Maj. Gen. Frank Helmick, commander of the Southern European Task Force (Airborne), and Kambiz Razzaghi, director of the Transformation Construction Management Office, answer questions Thursday during a session to discuss construction projects in Vicenza, Italy. The main topic of discussion was the U.S. use of the Dal Molin airfield. (Kent Harris / S&S)
VICENZA, Italy — The U.S. military said Thursday that it does not plan to use Dal Molin airfield as a major staging base to go to war, as suggested in many recent articles in the Italian press.
U.S. officials have said all along that they don’t plan to use the airfield — officially signed off for American use by the Italian government — to ferry troops to and from Vicenza. Aviano Air Base, about 90 miles away, will continue to act as the deployment hub for the 173rd Airborne Brigade, which recently used the air base to deploy to Afghanistan.
But articles in the Italian press and critics of the U.S. expansion in Vicenza have claimed the airfield will be used for such a purpose. Some have said that American fighter aircraft will also use the base.
“It will not be used as a major staging base,” Maj. Gen. Frank Helmick, commander of the Southern European Task Force (Airborne), said Thursday at a news conference with about two dozen Italian journalists.
Helmick said the runway isn’t suitable for such actions. “It’s way too short to have any military aircraft on the ground,” he said.
So why use Dal Molin and not an empty field elsewhere?
“Dal Molin is the nearest military property to this caserma,” he said. And because of legal and logistical reasons, the U.S. wants to operate only in facilities built on land owned by the Italian military.
Col. Salvatore Bordonaro, the Italian base commander, said U.S. use of the airfield complex wouldn’t affect current use by small commercial craft.
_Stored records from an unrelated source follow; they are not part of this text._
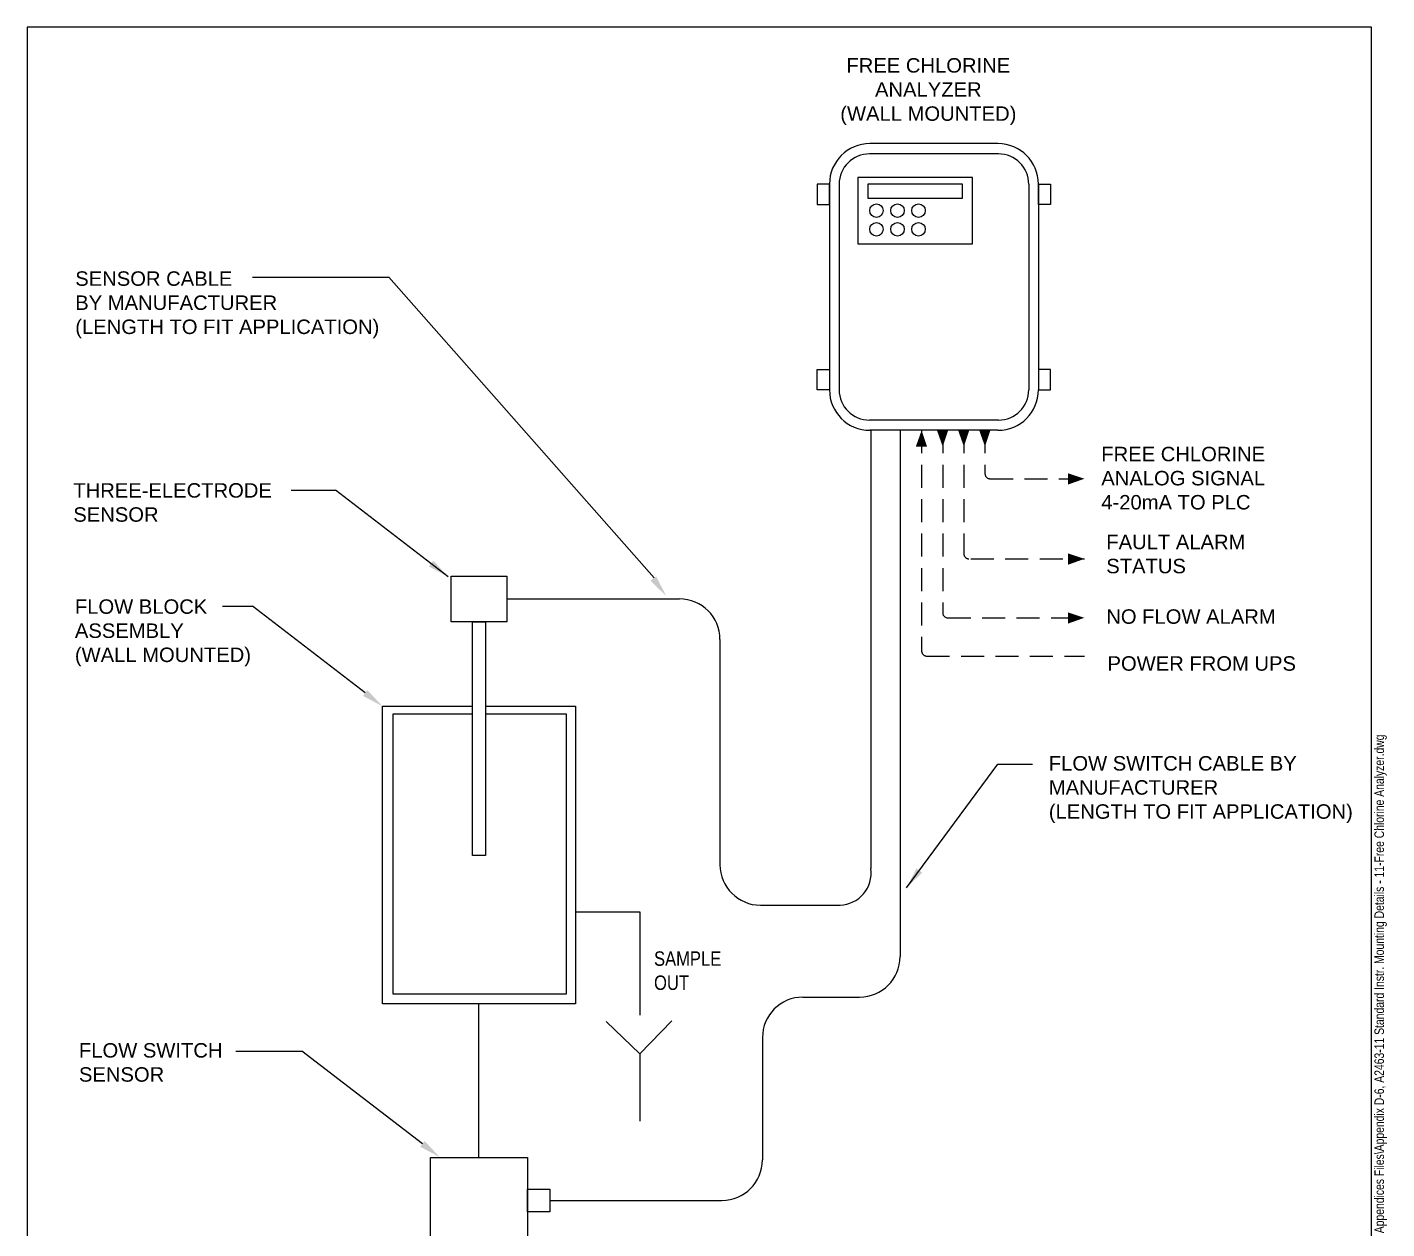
# Model space of a CAD drawing. Header units: millimetres. Extents: x 20 to 208, y 10 to 269.
# Drawn here: x 20 to 208.1, y 102.8 to 269 of the extents above; entities that cross this region are included whole.
import ezdxf

# ---------------------------------------------------------------- set-up
doc = ezdxf.new("R2010")
doc.units = ezdxf.units.MM
doc.header["$MEASUREMENT"] = 0
doc.linetypes.add('HIDDEN', pattern=[9.525, 6.35, -3.175])
doc.layers.get('0').update_dxf_attribs({"linetype": 'CONTINUOUS'})
for name, color, linetype in [('BBATXT', 7, 'CONTINUOUS'), ('C-B-TITLE', 7, 'CONTINUOUS'), ('G-ANNO-SYMB', 5, 'CONTINUOUS'), ('N-INST', 4, 'CONTINUOUS')]:
    doc.layers.add(name, color=color, linetype=linetype)
doc.layers.add('N-ANNO-TEXT', color=2, linetype='CONTINUOUS', lineweight=25)
doc.styles.add('_CGS_2-0_NARROWNOTES', font='ARIALN.TTF', dxfattribs={"height": 2})
doc.styles.add('_CGS_2-5_NOTES', font='arial.ttf', dxfattribs={"height": 2.5})
doc.styles.add('FILENAME', font='ARIALN.TTF', dxfattribs={"width": 0.95, "height": 2.5})
doc.styles.get("Standard").update_dxf_attribs({"font": 'simplex.shx'})
doc.dimstyles.get("Standard").update_dxf_attribs({"dimtxt": 1, "dimasz": 2.5, "dimexe": 1.5, "dimexo": 2, "dimgap": 1.75, "dimtad": 1, "dimdec": 4, "dimzin": 0, "dimdsep": 46, "dimtxsty": 'Standard', "dimblk": 'OBLIQUE', "dimcen": 2.5, "dimdle": 1.5, "dimclrd": 256, "dimclre": 256, "dimclrt": 256, "dimadec": 0, "dimazin": 0, "dimtfac": 1, "dimtdec": 4, "dimtofl": 0, "dimtmove": 0, "dimatfit": 3, "dimfxl": 1, "dimtolj": 1, "dimtzin": 0, "dimlwd": -1, "dimarcsym": 0})

# ---------------------------------------------------------------- blocks, each defined once
blk = doc.blocks.new('FILE NAME')
at = {"layer": 'C-B-TITLE', "insert": (360.99, 526.17), "char_height": 2.5, "attachment_point": 1, "style": 'FILENAME'}
blk.add_mtext('P:\\\\60318223\\\\500-Deliverables\\\\508-GIS-FIA-STD-CAD Final (Closeout) Issuance\\\\3 - SCIS Design Standards\\\\SCIS Design Standard Manual and Appendices Files\\\\Appendix D-6, A2463-11 Standard Instr. Mounting Details - 11-Free Chlorine Analyzer.dwg', dxfattribs=at)
blk = doc.blocks.new('_OBLIQUE')
at = {"color": 0, "linetype": 'ByBlock'}
blk.add_line((-0.5, -0.5), (0.5, 0.5), dxfattribs=at)

msp = doc.modelspace()

# ---------------------------------------------------------------- linework, layer by layer
at = {"layer": 'G-ANNO-SYMB'}
for p, q in [((20, 269), (20, 10)), ((206, 269), (20, 269)), ((206, 10), (206, 269))]:
    msp.add_line(p, q, dxfattribs=at)
at = {"layer": 'N-ANNO-TEXT'}
for p, q in [((51.17, 234.42), (70.03, 234.42)), ((106.76, 192.83), (70.03, 234.42)), ((56.53, 204.97), (62.67, 204.97)), ((78.26, 192.98), (62.67, 204.97)), ((47.01, 188.9), (51.18, 188.9)), ((66.77, 176.91), (51.18, 188.9)), ((48.86, 127.36), (58.02, 127.36)), ((74.69, 114.54), (58.02, 127.36))]:
    msp.add_line(p, q, dxfattribs=at)
for points in [[(76.19, 195.21), (78.26, 192.98), (75.58, 194.41)], [(107.03, 193.03), (108.41, 190.32), (106.23, 192.44)], [(67.07, 177.31), (69.15, 175.08), (66.46, 176.51)], [(74.99, 114.94), (77.07, 112.71), (74.38, 114.15)]]:
    msp.add_solid(points, dxfattribs=at)
at = {"layer": 'N-INST'}
for p, q in [((154.31, 252.9), (136.6, 252.9)), ((154.38, 251.48), (136.54, 251.48)), ((131, 247.3), (131, 218.84)), ((132.34, 247.28), (132.34, 218.86)), ((158.58, 247.28), (158.58, 218.86)), ((159.91, 247.3), (159.91, 218.84)), ((154.38, 214.66), (136.54, 214.66)), ((154.31, 213.24), (136.6, 213.24)), ((136.73, 213.24), (136.73, 152.61)), ((140.77, 213.24), (140.77, 140.44)), ((86.38, 189.92), (110.25, 189.92)), ((115.85, 184.32), (115.85, 153.16)), ((121.45, 147.56), (132.46, 147.56)), ((95.87, 146.66), (104.76, 146.66)), ((104.76, 146.66), (104.76, 132.34)), ((82.51, 112.68), (82.51, 133.9)), ((127.33, 134.84), (135.17, 134.84)), ((100.11, 131.48), (104.76, 127)), ((104.76, 127), (109.17, 131.57)), ((121.73, 129.24), (121.73, 112.32)), ((104.76, 127), (104.76, 117.69)), ((92.29, 106.72), (116.13, 106.72))]:
    msp.add_line(p, q, dxfattribs=at)
at = {"layer": 'N-INST', "linetype": 'HIDDEN', "ltscale": 0.5}
for p, q in [((143.75, 213.24), (143.75, 182.72)), ((146.67, 213.24), (146.67, 188.01)), ((149.6, 213.24), (149.6, 196.16)), ((152.52, 213.24), (152.52, 207.24)), ((153.22, 206.54), (166.27, 206.54)), ((150.57, 195.46), (166.27, 195.46)), ((147.37, 187.31), (166.27, 187.31)), ((144.45, 182.02), (166.27, 182.02))]:
    msp.add_line(p, q, dxfattribs=at)
at = {"layer": 'N-INST'}
for points in [[(131, 247.3), (129.32, 247.3), (129.32, 244.49), (131, 244.49)], [(150.78, 248.23), (134.93, 248.23), (134.93, 239.03), (150.78, 239.03)], [(149.39, 247.3), (136.32, 247.3), (136.32, 245.35), (149.39, 245.35)], [(159.91, 247.3), (161.59, 247.3), (161.59, 244.49), (159.91, 244.49)], [(131, 218.84), (129.32, 218.84), (129.32, 221.65), (131, 221.65)], [(159.91, 218.84), (161.59, 218.84), (161.59, 221.65), (159.91, 221.65)], [(78.65, 193.08), (86.38, 193.08), (86.38, 186.77), (78.65, 186.77)], [(81.6, 186.77), (83.43, 186.77), (83.43, 154.41), (81.6, 154.41)], [(75.82, 112.68), (89.2, 112.68), (89.2, 100.46), (75.82, 100.46)], [(89.2, 108.3), (92.29, 108.3), (92.29, 105.14), (89.2, 105.14)]]:
    msp.add_lwpolyline(points, close=True, dxfattribs=at)
for points in [[(83.43, 175.08), (95.87, 175.08), (95.87, 133.9), (69.15, 133.9), (69.15, 175.08), (81.6, 175.08)], [(83.43, 174.03), (94.55, 174.03), (94.55, 135.23), (70.63, 135.23), (70.63, 174.03), (81.6, 174.03)]]:
    msp.add_lwpolyline(points, dxfattribs=at)
for centre in [(137.5, 243.63), (140.41, 243.63), (143.32, 243.63), (137.5, 241.05), (140.41, 241.05), (143.32, 241.05)]:
    msp.add_circle(centre, 0.931, dxfattribs=at)
for centre, radius, start, end in [((136.6, 247.3), 5.6, 90, 180), ((154.31, 247.3), 5.6, 0, 90), ((136.54, 247.28), 4.2, 90, 180), ((154.38, 247.28), 4.2, 0, 90), ((136.6, 218.84), 5.6, 180, 270), ((136.54, 218.86), 4.2, 180, 270), ((154.31, 218.84), 5.6, 270, 0), ((154.38, 218.86), 4.2, 270, 0), ((110.25, 184.32), 5.6, 0, 90), ((121.45, 153.16), 5.6, 180, 270), ((132.33, 152), 4.44, 271.6513, 7.9022), ((135.17, 140.44), 5.6, 270, 0), ((127.33, 129.24), 5.6, 90, 180), ((116.13, 112.32), 5.6, 270, 0)]:
    msp.add_arc(centre, radius, start, end, dxfattribs=at)
at = {"layer": 'N-INST', "linetype": 'HIDDEN', "ltscale": 0.5}
for centre in [(153.22, 207.24), (150.3, 196.16), (147.37, 188.01), (144.45, 182.72)]:
    msp.add_arc(centre, 0.7, 180, 270, dxfattribs=at)
at = {"layer": 'N-INST'}
for points in [[(142.95, 210.98), (143.75, 213.24), (144.5, 210.98)], [(145.87, 213.24), (146.67, 210.98), (147.42, 213.24)], [(148.8, 213.24), (149.6, 210.98), (150.35, 213.24)], [(151.72, 213.24), (152.52, 210.98), (153.27, 213.24)], [(164.01, 205.74), (166.27, 206.54), (164.01, 207.29)], [(164.01, 194.65), (166.27, 195.46), (164.01, 196.21)], [(164.01, 186.51), (166.27, 187.31), (164.01, 188.06)]]:
    msp.add_solid(points, dxfattribs=at)

# ---------------------------------------------------------------- block references
at = {"layer": 'BBATXT', "xscale": 0.7273500000000013, "yscale": 0.5273499999999984, "zscale": 0.6273500000000001, "rotation": 90}
msp.add_blockref('FILE NAME', (483.88, -252.4), dxfattribs=at)

# ---------------------------------------------------------------- texts
at = {"layer": 'N-ANNO-TEXT', "char_height": 2}
for s, insert, width, attachment_point, style in [('FREE CHLORINE\\PANALYZER\\P(WALL MOUNTED)', (144.68, 264.72), 45.8343, 2, '_CGS_2-5_NOTES'), ('SENSOR CABLE\\PBY MANUFACTURER\\P(LENGTH TO FIT APPLICATION)', (26.65, 235.23), 63.465, 1, '_CGS_2-5_NOTES'), ('FREE CHLORINE\\PANALOG SIGNAL\\P4-20mA TO PLC', (168.61, 210.96), 45.8343, 1, '_CGS_2-5_NOTES'), ('THREE-ELECTRODE\\PSENSOR', (26.38, 205.93), 63.465, 1, '_CGS_2-5_NOTES'), ('FAULT ALARM\\PSTATUS', (169.3, 198.8), 45.8343, 1, '_CGS_2-5_NOTES'), ('FLOW BLOCK\\PASSEMBLY\\P(WALL MOUNTED)', (26.6, 189.86), 63.465, 1, '_CGS_2-5_NOTES'), ('NO FLOW ALARM', (169.3, 188.48), 45.8343, 1, '_CGS_2-5_NOTES'), ('POWER FROM UPS', (169.47, 181.99), 45.8343, 1, '_CGS_2-5_NOTES'), ('FLOW SWITCH CABLE BY MANUFACTURER \\P(LENGTH TO FIT APPLICATION)', (161.35, 168.18), 42.7885, 1, '_CGS_2-5_NOTES'), ('SAMPLE\\POUT', (106.73, 138.49), 68.6519, 4, '_CGS_2-0_NARROWNOTES'), ('FLOW SWITCH\\PSENSOR', (27.16, 128.48), 63.465, 1, '_CGS_2-5_NOTES')]:
    msp.add_mtext(s, dxfattribs=dict(at, insert=insert, width=width, attachment_point=attachment_point, style=style))

# ---------------------------------------------------------------- leaders
at = {"layer": 'N-ANNO-TEXT'}
msp.add_leader([(141.65, 149.94), (154.3, 167.05), (159.08, 167.05)], dimstyle='Standard', override={"dimasz": 3, "dimgap": 0.09, "dimtad": 0}, dxfattribs=at)

doc.saveas('drawing.dxf')

Officials showed off a few sketches of what the development might look like and said it would be separated from the actual runway by a fence.
Kambiz Razzaghi, picked to run the newly formed Transitional Construction Management Office, will manage six projects worth more than $400 million. That list includes a $10 million medical center on Ederle, an $11 million renovation of the Ederle Inn, the $10 million soldier-and-family entertainment center already under construction, a $13 million child development center and a $42 million school in the Villagio housing area.
The U.S. also has reached an agreement with an Italian contractor to build 215 homes outside the city that it will agree to rent for at least 10 years for about $52 million.
Razzaghi said all the contractors will be Italian and they’ll also be responsible for designing the facilities.
But the project with the most interest is the Dal Molin expansion. U.S. officials say they want to consolidate the 173rd in one location. Currently, only two of the brigade’s six battalions are located in Vicenza. The other four are in Bamberg and Schweinfurt in Germany.
There is no room at Ederle — where U.S. troops have lived and worked for more than 50 years — for additional troops.
U.S. officials have said Vicenza will house about 4,200 active-duty personnel once the consolidation is complete. Helmick pointed out that’s less than half the soldiers who lived in Vicenza in the 1980s when there were more than 400,000 American troops around Europe.
He told the reporters that the command planned to be proactive in meeting with local community leaders and those who felt strongly about the project. A lack of information released by the Americans to the public about the project probably has led to some of the many rumors about the project that have fueled protesters’ fears, he said.